- Exercise brief -
The expected response is an exact repetition of every record, with images excluded.

┌──

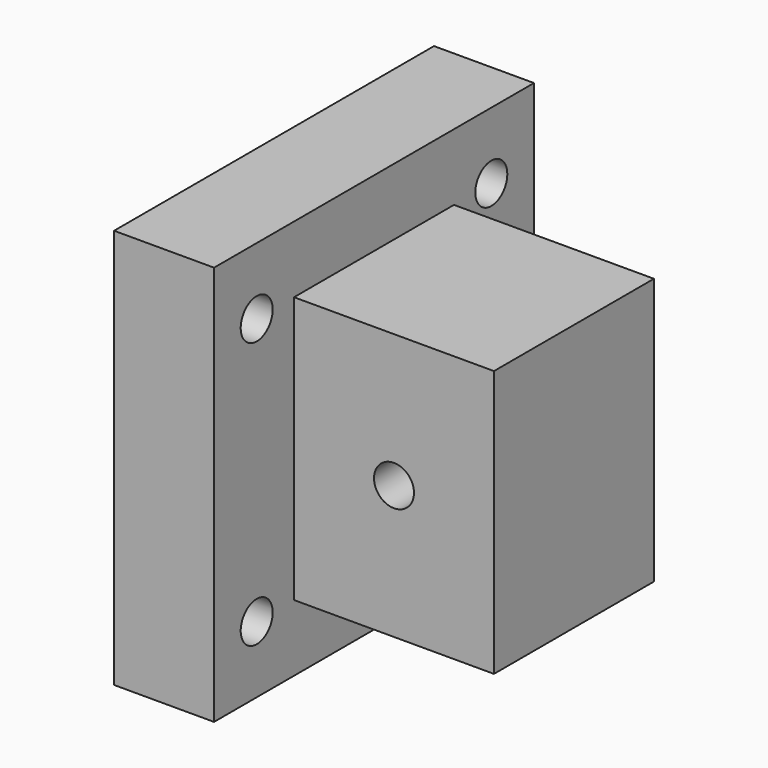
from build123d import *

# Parameters (mm, degrees)
F0_W     = 60
F0_H     = 60
F0_R     = 3
F0_W_2   = 30
F0_H_2   = 40
F1_DEPTH = 15
F2_DEPTH = 30
F3_R     = 3
F4_DEPTH = 45.001


# Not quite as in the source:
# - a feature names something its author has since deleted; it is built from what else it names


with BuildPart() as f1:
    # F0 (on Right) → F1 (new body)
    with BuildSketch(Plane.YZ):
        Rectangle(F0_W, F0_H)
        with Locations((-22, -20)):
            Circle(F0_R, mode=Mode.SUBTRACT)
        with Locations((22, -20)):
            Circle(F0_R, mode=Mode.SUBTRACT)
        with Locations((-22, 20)):
            Circle(F0_R, mode=Mode.SUBTRACT)
        Rectangle(F0_W_2, F0_H_2, mode=Mode.SUBTRACT)
        with Locations((22, 20)):
            Circle(F0_R, mode=Mode.SUBTRACT)
        Rectangle(F0_W_2, F0_H_2)
    extrude(amount=-F1_DEPTH)

    # F0 (on Right) → F2 (join)
    with BuildSketch(Plane.YZ):
        Rectangle(F0_W_2, F0_H_2)
    extrude(amount=F2_DEPTH)

    # F3 (on face) → F4 (cut, through all)
    with BuildSketch(Plane.XZ.offset(15)):
        with Locations((15, 0)):
            Circle(F3_R)
    extrude(amount=-F4_DEPTH, mode=Mode.SUBTRACT)


solid = f1.part
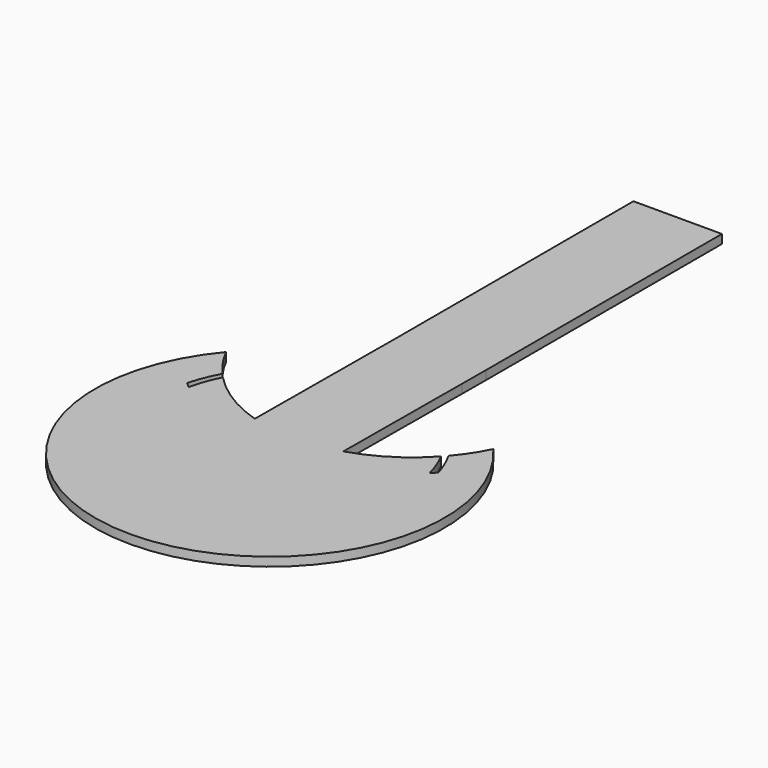
from build123d import *

# Parameters (mm, degrees)
F0_W     = 60
F0_H     = 200
F1_DEPTH = 6


# Not quite as in the source:
# - the program builds the solid bodies; features that only make, move or delete a surface that nothing else refers to are left out


with BuildPart() as f1:
    # F0 (on Top) → F1 (new body)
    with BuildSketch(Plane.XY):
        with Locations((4.8876879096, 35.2179194741)):
            Rectangle(F0_W, F0_H)
        with BuildLine():
            ThreePointArc((-79.4584430704, -175.2136584167), (-76.086405566, -164.9666401832), (-71.4764851469, -155.2136584167))
            ThreePointArc((-71.4764851469, -155.2136584167), (-79.1565485083, -145.3205641479), (-85.5490516624, -134.5505784994))
            ThreePointArc((-85.5490516624, -134.5505784994), (6.1468085688, -329.3233337338), (94.4628409087, -132.9949471034))
            ThreePointArc((94.4628409087, -132.9949471034), (88.2574232589, -143.8738017875), (80.7494829473, -153.8981481364))
            ThreePointArc((80.7494829473, -153.8981481364), (85.2254366965, -162.8589485125), (88.6456429035, -172.2734211397))
            ThreePointArc((88.6456429035, -172.2734211397), (75.2367314586, -249.2062042963), (5.6459887203, -284.6403764396))
            ThreePointArc((5.6459887203, -284.6403764396), (-63.9155377146, -250.9329661403), (-79.4584430704, -175.2136584167))
        make_face()
        with BuildLine():
            ThreePointArc((4.8876879096, -189.3289751767), (-10.6634233248, -188.2490297182), (-25.8614792361, -184.7816907769))
            ThreePointArc((-25.8614792361, -184.7816907769), (-48.9823809676, -174.2243385437), (-68.7229965841, -158.2136584167))
            ThreePointArc((-68.7229965841, -158.2136584167), (-72.9335538665, -167.9839691049), (-75.8560904631, -178.2136584167))
            ThreePointArc((-75.8560904631, -178.2136584167), (-59.2361153237, -247.9542245013), (5.5975931326, -278.5574984969))
            Line((5.5975931326, -278.5574984969), (4.8876879096, -189.3289751767))
        make_face()
        with BuildLine():
            ThreePointArc((78.0917461365, -156.8981481364), (57.9442467877, -173.7054474984), (34.1385207639, -184.7369682609))
            ThreePointArc((34.1385207639, -184.7369682609), (19.6828166371, -188.1140297879), (4.8876879096, -189.3289751767))
            Line((4.8876879096, -189.3289751767), (5.5975931326, -278.5574984969))
            ThreePointArc((5.5975931326, -278.5574984969), (70.4913174106, -246.4384867175), (85.2871903638, -175.5589515052))
            ThreePointArc((85.2871903638, -175.5589515052), (82.255170922, -166.010419768), (78.0917461365, -156.8981481364))
        make_face()
        with BuildLine():
            ThreePointArc((5.5975931326, -278.5574984969), (-59.2361153237, -247.9542245013), (-75.8560904631, -178.2136584167))
            Line((-75.8560904631, -178.2136584167), (-79.4584430704, -175.2136584167))
            ThreePointArc((-79.4584430704, -175.2136584167), (-63.9155377146, -250.9329661403), (5.6459887203, -284.6403764396))
            Line((5.6459887203, -284.6403764396), (5.5975931326, -278.5574984969))
        make_face()
        with BuildLine():
            ThreePointArc((85.2871903638, -175.5589515052), (70.4913174106, -246.4384867175), (5.5975931326, -278.5574984969))
            Line((5.5975931326, -278.5574984969), (5.6459887203, -284.6403764396))
            ThreePointArc((5.6459887203, -284.6403764396), (75.2367314586, -249.2062042963), (88.6456429035, -172.2734211397))
            Line((88.6456429035, -172.2734211397), (85.2871903638, -175.5589515052))
        make_face()
        with BuildLine():
            Line((34.7627821954, -84.7816907769), (-25.2371712536, -84.7816907769))
            Line((-25.2371712536, -84.7816907769), (-25.8614792361, -184.7816907769))
            ThreePointArc((-25.8614792361, -184.7816907769), (-10.6634233248, -188.2490297182), (4.8876879096, -189.3289751767))
            ThreePointArc((4.8876879096, -189.3289751767), (19.6828166371, -188.1140297879), (34.1385207639, -184.7369682609))
            Line((34.1385207639, -184.7369682609), (34.7627821954, -84.7816907769))
        make_face()
        Polygon((34.8876879096, -64.7820805259), (-25.1123120904, -64.7820805259), (-25.2371712536, -84.7816907769), (34.7627821954, -84.7816907769), align=None)
    extrude(amount=F1_DEPTH)


solid = f1.part

└──

- Exercise output -
from build123d import *

# Parameters (mm, degrees)
F0_W     = 60
F0_H     = 60
F0_R     = 3
F0_W_2   = 30
F0_H_2   = 40
F1_DEPTH = 15
F2_DEPTH = 30
F3_R     = 3
F4_DEPTH = 45.001


# Not quite as in the source:
# - a feature names something its author has since deleted; it is built from what else it names


with BuildPart() as f1:
    # F0 (on Right) → F1 (new body)
    with BuildSketch(Plane.YZ):
        Rectangle(F0_W, F0_H)
        with Locations((-22, -20)):
            Circle(F0_R, mode=Mode.SUBTRACT)
        with Locations((22, -20)):
            Circle(F0_R, mode=Mode.SUBTRACT)
        with Locations((-22, 20)):
            Circle(F0_R, mode=Mode.SUBTRACT)
        Rectangle(F0_W_2, F0_H_2, mode=Mode.SUBTRACT)
        with Locations((22, 20)):
            Circle(F0_R, mode=Mode.SUBTRACT)
        Rectangle(F0_W_2, F0_H_2)
    extrude(amount=-F1_DEPTH)

    # F0 (on Right) → F2 (join)
    with BuildSketch(Plane.YZ):
        Rectangle(F0_W_2, F0_H_2)
    extrude(amount=F2_DEPTH)

    # F3 (on face) → F4 (cut, through all)
    with BuildSketch(Plane.XZ.offset(15)):
        with Locations((15, 0)):
            Circle(F3_R)
    extrude(amount=-F4_DEPTH, mode=Mode.SUBTRACT)


solid = f1.part
from build123d import *

# Parameters (mm, degrees)
F0_W     = 60
F0_H     = 200
F1_DEPTH = 6


# Not quite as in the source:
# - the program builds the solid bodies; features that only make, move or delete a surface that nothing else refers to are left out


with BuildPart() as f1:
    # F0 (on Top) → F1 (new body)
    with BuildSketch(Plane.XY):
        with Locations((4.8876879096, 35.2179194741)):
            Rectangle(F0_W, F0_H)
        with BuildLine():
            ThreePointArc((-79.4584430704, -175.2136584167), (-76.086405566, -164.9666401832), (-71.4764851469, -155.2136584167))
            ThreePointArc((-71.4764851469, -155.2136584167), (-79.1565485083, -145.3205641479), (-85.5490516624, -134.5505784994))
            ThreePointArc((-85.5490516624, -134.5505784994), (6.1468085688, -329.3233337338), (94.4628409087, -132.9949471034))
            ThreePointArc((94.4628409087, -132.9949471034), (88.2574232589, -143.8738017875), (80.7494829473, -153.8981481364))
            ThreePointArc((80.7494829473, -153.8981481364), (85.2254366965, -162.8589485125), (88.6456429035, -172.2734211397))
            ThreePointArc((88.6456429035, -172.2734211397), (75.2367314586, -249.2062042963), (5.6459887203, -284.6403764396))
            ThreePointArc((5.6459887203, -284.6403764396), (-63.9155377146, -250.9329661403), (-79.4584430704, -175.2136584167))
        make_face()
        with BuildLine():
            ThreePointArc((4.8876879096, -189.3289751767), (-10.6634233248, -188.2490297182), (-25.8614792361, -184.7816907769))
            ThreePointArc((-25.8614792361, -184.7816907769), (-48.9823809676, -174.2243385437), (-68.7229965841, -158.2136584167))
            ThreePointArc((-68.7229965841, -158.2136584167), (-72.9335538665, -167.9839691049), (-75.8560904631, -178.2136584167))
            ThreePointArc((-75.8560904631, -178.2136584167), (-59.2361153237, -247.9542245013), (5.5975931326, -278.5574984969))
            Line((5.5975931326, -278.5574984969), (4.8876879096, -189.3289751767))
        make_face()
        with BuildLine():
            ThreePointArc((78.0917461365, -156.8981481364), (57.9442467877, -173.7054474984), (34.1385207639, -184.7369682609))
            ThreePointArc((34.1385207639, -184.7369682609), (19.6828166371, -188.1140297879), (4.8876879096, -189.3289751767))
            Line((4.8876879096, -189.3289751767), (5.5975931326, -278.5574984969))
            ThreePointArc((5.5975931326, -278.5574984969), (70.4913174106, -246.4384867175), (85.2871903638, -175.5589515052))
            ThreePointArc((85.2871903638, -175.5589515052), (82.255170922, -166.010419768), (78.0917461365, -156.8981481364))
        make_face()
        with BuildLine():
            ThreePointArc((5.5975931326, -278.5574984969), (-59.2361153237, -247.9542245013), (-75.8560904631, -178.2136584167))
            Line((-75.8560904631, -178.2136584167), (-79.4584430704, -175.2136584167))
            ThreePointArc((-79.4584430704, -175.2136584167), (-63.9155377146, -250.9329661403), (5.6459887203, -284.6403764396))
            Line((5.6459887203, -284.6403764396), (5.5975931326, -278.5574984969))
        make_face()
        with BuildLine():
            ThreePointArc((85.2871903638, -175.5589515052), (70.4913174106, -246.4384867175), (5.5975931326, -278.5574984969))
            Line((5.5975931326, -278.5574984969), (5.6459887203, -284.6403764396))
            ThreePointArc((5.6459887203, -284.6403764396), (75.2367314586, -249.2062042963), (88.6456429035, -172.2734211397))
            Line((88.6456429035, -172.2734211397), (85.2871903638, -175.5589515052))
        make_face()
        with BuildLine():
            Line((34.7627821954, -84.7816907769), (-25.2371712536, -84.7816907769))
            Line((-25.2371712536, -84.7816907769), (-25.8614792361, -184.7816907769))
            ThreePointArc((-25.8614792361, -184.7816907769), (-10.6634233248, -188.2490297182), (4.8876879096, -189.3289751767))
            ThreePointArc((4.8876879096, -189.3289751767), (19.6828166371, -188.1140297879), (34.1385207639, -184.7369682609))
            Line((34.1385207639, -184.7369682609), (34.7627821954, -84.7816907769))
        make_face()
        Polygon((34.8876879096, -64.7820805259), (-25.1123120904, -64.7820805259), (-25.2371712536, -84.7816907769), (34.7627821954, -84.7816907769), align=None)
    extrude(amount=F1_DEPTH)


solid = f1.part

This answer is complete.